Лики творчества. Из книги 1 (сборник). Максимилиан Александрович Волошин
Чтение книги онлайн.
Читать онлайн книгу Лики творчества. Из книги 1 (сборник) - Максимилиан Александрович Волошин страница 15
Согласно именам, данным Клоделем, музы на луврском саркофаге встают в таком порядке слева направо: Клио, Талия, Терпсихора, Эрато, Полимния, Мнемозина, Эвтерпа, Урания и Мельпомена.
Весь стиль саркофага говорит о смешении Диониса и Аполлона, и музы являются мостом от одного к другому, что скрыто уже в самом происхождении корня их имени от μανία – безумие или μάντις – пророчество.
В первой же строке своего гимна Клодель отмечает и безумие и пророчественность, скрытую в музах:
«Девять муз и Терпсихора посередине! Узнаю тебя, Сивилла, узнаю тебя, Мэнада!» Обращение к Терпсихоре подчеркивает ту же мысль, ибо танцем Дионисово безумие превращается в Аполлонов строй, так как «что сталось бы с хором без танца? Кто иная созданием безвыходных фигур могла бы двинуть восемь неукротимых сестер вместе, чтобы собрать вино бьющего ключем гимна?».
Вся первая строфа оды проникнута дыханием дионисийской ярости, воплощенной в Терпсихоре, но ярости, уже преображенной и сдержанной: она вся порыв, ее лицо «пламенеет ликованием оркестра», но в ней то аполлоническое движение, которое «не нарушает гармонии линий»; ни одна складка ее одежды не дрогнет, и лишь приподнятая рука, «нетерпеливая ударить первую меру», приподымается и одна выдает то внутреннее волнение, которое сейчас прорвется звуком «тайной гласной», из которой рождается слово.

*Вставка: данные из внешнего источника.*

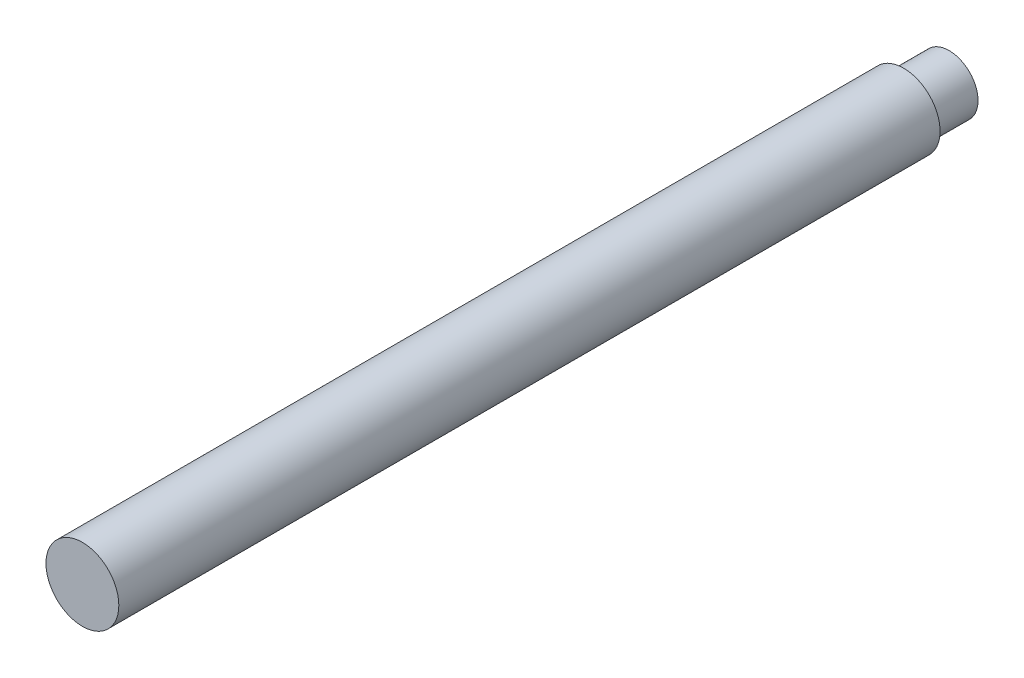
ISO-10303-21;
HEADER;
FILE_DESCRIPTION(('STEP AP214'),'2;1');
FILE_NAME('part.step','',(''),(''),'','','');
FILE_SCHEMA(('AUTOMOTIVE_DESIGN { 1 0 10303 214 1 1 1 1 }'));
ENDSEC;
DATA;
#1=APPLICATION_CONTEXT('core data for automotive mechanical design processes');
#2=APPLICATION_PROTOCOL_DEFINITION('international standard','automotive_design',2000,#1);
#3=PRODUCT_CONTEXT('',#1,'mechanical');
#4=PRODUCT('Part','Part','',(#3));
#5=PRODUCT_RELATED_PRODUCT_CATEGORY('part','',(#4));
#6=PRODUCT_DEFINITION_FORMATION('','',#4);
#7=PRODUCT_DEFINITION_CONTEXT('part definition',#1,'design');
#8=PRODUCT_DEFINITION('design','',#6,#7);
#9=PRODUCT_DEFINITION_SHAPE('','',#8);
#10=(LENGTH_UNIT() NAMED_UNIT(*) SI_UNIT(.MILLI.,.METRE.));
#11=(NAMED_UNIT(*) PLANE_ANGLE_UNIT() SI_UNIT($,.RADIAN.));
#12=(NAMED_UNIT(*) SI_UNIT($,.STERADIAN.) SOLID_ANGLE_UNIT());
#13=UNCERTAINTY_MEASURE_WITH_UNIT(LENGTH_MEASURE(1.E-05),#10,'distance_accuracy_value','');
#14=(GEOMETRIC_REPRESENTATION_CONTEXT(3) GLOBAL_UNCERTAINTY_ASSIGNED_CONTEXT((#13)) GLOBAL_UNIT_ASSIGNED_CONTEXT((#10,
#11,#12)) REPRESENTATION_CONTEXT('',''));
#15=CARTESIAN_POINT('',(0.,0.,0.));
#16=DIRECTION('',(0.,0.,1.));
#17=DIRECTION('',(1.,0.,0.));
#18=AXIS2_PLACEMENT_3D('',#15,#16,#17);
#19=CARTESIAN_POINT('',(0.,0.,95.25));
#20=DIRECTION('',(0.,0.,-1.));
#21=DIRECTION('',(-1.,0.,0.));
#22=AXIS2_PLACEMENT_3D('',#19,#20,#21);
#23=CYLINDRICAL_SURFACE('',#22,4.0005);
#24=CARTESIAN_POINT('',(0.,0.,95.25));
#25=DIRECTION('',(0.,0.,1.));
#26=DIRECTION('',(1.,0.,0.));
#27=AXIS2_PLACEMENT_3D('',#24,#25,#26);
#28=CIRCLE('',#27,4.0005);
#29=CARTESIAN_POINT('',(4.0005,0.,95.25));
#30=VERTEX_POINT('',#29);
#31=EDGE_CURVE('E10',#30,#30,#28,.T.);
#32=ORIENTED_EDGE('',*,*,#31,.F.);
#33=EDGE_LOOP('',(#32));
#34=FACE_BOUND('',#33,.T.);
#35=CARTESIAN_POINT('',(0.,0.,5.));
#36=DIRECTION('',(0.,0.,-1.));
#37=DIRECTION('',(-1.,0.,0.));
#38=AXIS2_PLACEMENT_3D('',#35,#36,#37);
#39=CIRCLE('',#38,4.0005);
#40=CARTESIAN_POINT('',(-4.0005,0.,5.));
#41=VERTEX_POINT('',#40);
#42=EDGE_CURVE('E34',#41,#41,#39,.T.);
#43=ORIENTED_EDGE('',*,*,#42,.F.);
#44=EDGE_LOOP('',(#43));
#45=FACE_BOUND('',#44,.T.);
#46=ADVANCED_FACE('F31',(#34,#45),#23,.T.);
#47=CARTESIAN_POINT('',(0.,0.,95.25));
#48=DIRECTION('',(0.,0.,1.));
#49=DIRECTION('',(1.,0.,0.));
#50=AXIS2_PLACEMENT_3D('',#47,#48,#49);
#51=PLANE('',#50);
#52=ORIENTED_EDGE('',*,*,#31,.T.);
#53=EDGE_LOOP('',(#52));
#54=FACE_BOUND('',#53,.T.);
#55=ADVANCED_FACE('F55',(#54),#51,.T.);
#56=CARTESIAN_POINT('',(0.,0.,5.));
#57=DIRECTION('',(0.,0.,-1.));
#58=DIRECTION('',(-1.,0.,0.));
#59=AXIS2_PLACEMENT_3D('',#56,#57,#58);
#60=PLANE('',#59);
#61=CARTESIAN_POINT('',(0.,0.,5.));
#62=DIRECTION('',(0.,0.,-1.));
#63=DIRECTION('',(-1.,0.,0.));
#64=AXIS2_PLACEMENT_3D('',#61,#62,#63);
#65=CIRCLE('',#64,3.175);
#66=CARTESIAN_POINT('',(-3.175,0.,5.));
#67=VERTEX_POINT('',#66);
#68=EDGE_CURVE('E41',#67,#67,#65,.T.);
#69=ORIENTED_EDGE('',*,*,#68,.F.);
#70=EDGE_LOOP('',(#69));
#71=FACE_BOUND('',#70,.T.);
#72=ORIENTED_EDGE('',*,*,#42,.T.);
#73=EDGE_LOOP('',(#72));
#74=FACE_BOUND('',#73,.T.);
#75=ADVANCED_FACE('F52',(#71,#74),#60,.T.);
#76=CARTESIAN_POINT('',(0.,0.,5.));
#77=DIRECTION('',(0.,0.,-1.));
#78=DIRECTION('',(-1.,0.,0.));
#79=AXIS2_PLACEMENT_3D('',#76,#77,#78);
#80=CYLINDRICAL_SURFACE('',#79,3.175);
#81=ORIENTED_EDGE('',*,*,#68,.T.);
#82=EDGE_LOOP('',(#81));
#83=FACE_BOUND('',#82,.T.);
#84=CARTESIAN_POINT('',(0.,0.,0.));
#85=DIRECTION('',(0.,0.,-1.));
#86=DIRECTION('',(-1.,0.,0.));
#87=AXIS2_PLACEMENT_3D('',#84,#85,#86);
#88=CIRCLE('',#87,3.175);
#89=CARTESIAN_POINT('',(-3.175,0.,0.));
#90=VERTEX_POINT('',#89);
#91=EDGE_CURVE('E43',#90,#90,#88,.T.);
#92=ORIENTED_EDGE('',*,*,#91,.F.);
#93=EDGE_LOOP('',(#92));
#94=FACE_BOUND('',#93,.T.);
#95=ADVANCED_FACE('F49',(#83,#94),#80,.T.);
#96=CARTESIAN_POINT('',(0.,0.,0.));
#97=DIRECTION('',(0.,0.,1.));
#98=DIRECTION('',(1.,0.,0.));
#99=AXIS2_PLACEMENT_3D('',#96,#97,#98);
#100=PLANE('',#99);
#101=ORIENTED_EDGE('',*,*,#91,.T.);
#102=EDGE_LOOP('',(#101));
#103=FACE_BOUND('',#102,.T.);
#104=ADVANCED_FACE('F68',(#103),#100,.F.);
#105=CLOSED_SHELL('',(#46,#55,#75,#95,#104));
#106=MANIFOLD_SOLID_BREP('B2',#105);
#107=ADVANCED_BREP_SHAPE_REPRESENTATION('',(#18,#106),#14);
#108=SHAPE_DEFINITION_REPRESENTATION(#9,#107);
ENDSEC;
END-ISO-10303-21;

Безумие музы – это утрата земного и низшего разума ради утверждения в глубинах духа. Без этого безумия невозможно было бы то единство, которое заставляет Клоделя воскликнуть, охватив взглядом весь барельеф: «Девять муз, и ни одной нет лишней для меня». Напрасно он пытается назвать их по именам; их (нельзя расчленить, как нельзя расчленить законченную вполне фразу, и надо всеми чувствами пока преобладает чувство безусловного единства. Этот «клубок живых женщин» является ему «глубочайшим механизмом речи» – «фразой матерью», в которой все держится и живет таким соответствием и равновесием частей: «Ничто не могло бы возникнуть, если бы вас не было девять!».
Но творческий вопрос, обращенный поэтом к подсознательным своим безднам, вырвался, и его не вернуть: «Он навсегда доверил его вещему хору неугасимого эхо». Из чьих уст прозвучит ответ, кто первая проснется в глубине души? Полимния ли, пробуждающая вещи их именами? Урания – геометрическая мысль, схожая с Афродитой? Или Талия – охотница, наблюдательница жизни? В молчании молчания первым слышится вздох Мнемозины, ибо в памяти гнездятся творческие корни духа; память – отвес духа; «она – связь того, что вне времени, с временем, воплощенным в слове»; «она – соотношение, выраженное прекрасным числом».
«Тебе, Мнемозина, эти строфы и вспыхнувшее пламя внезапной оды!».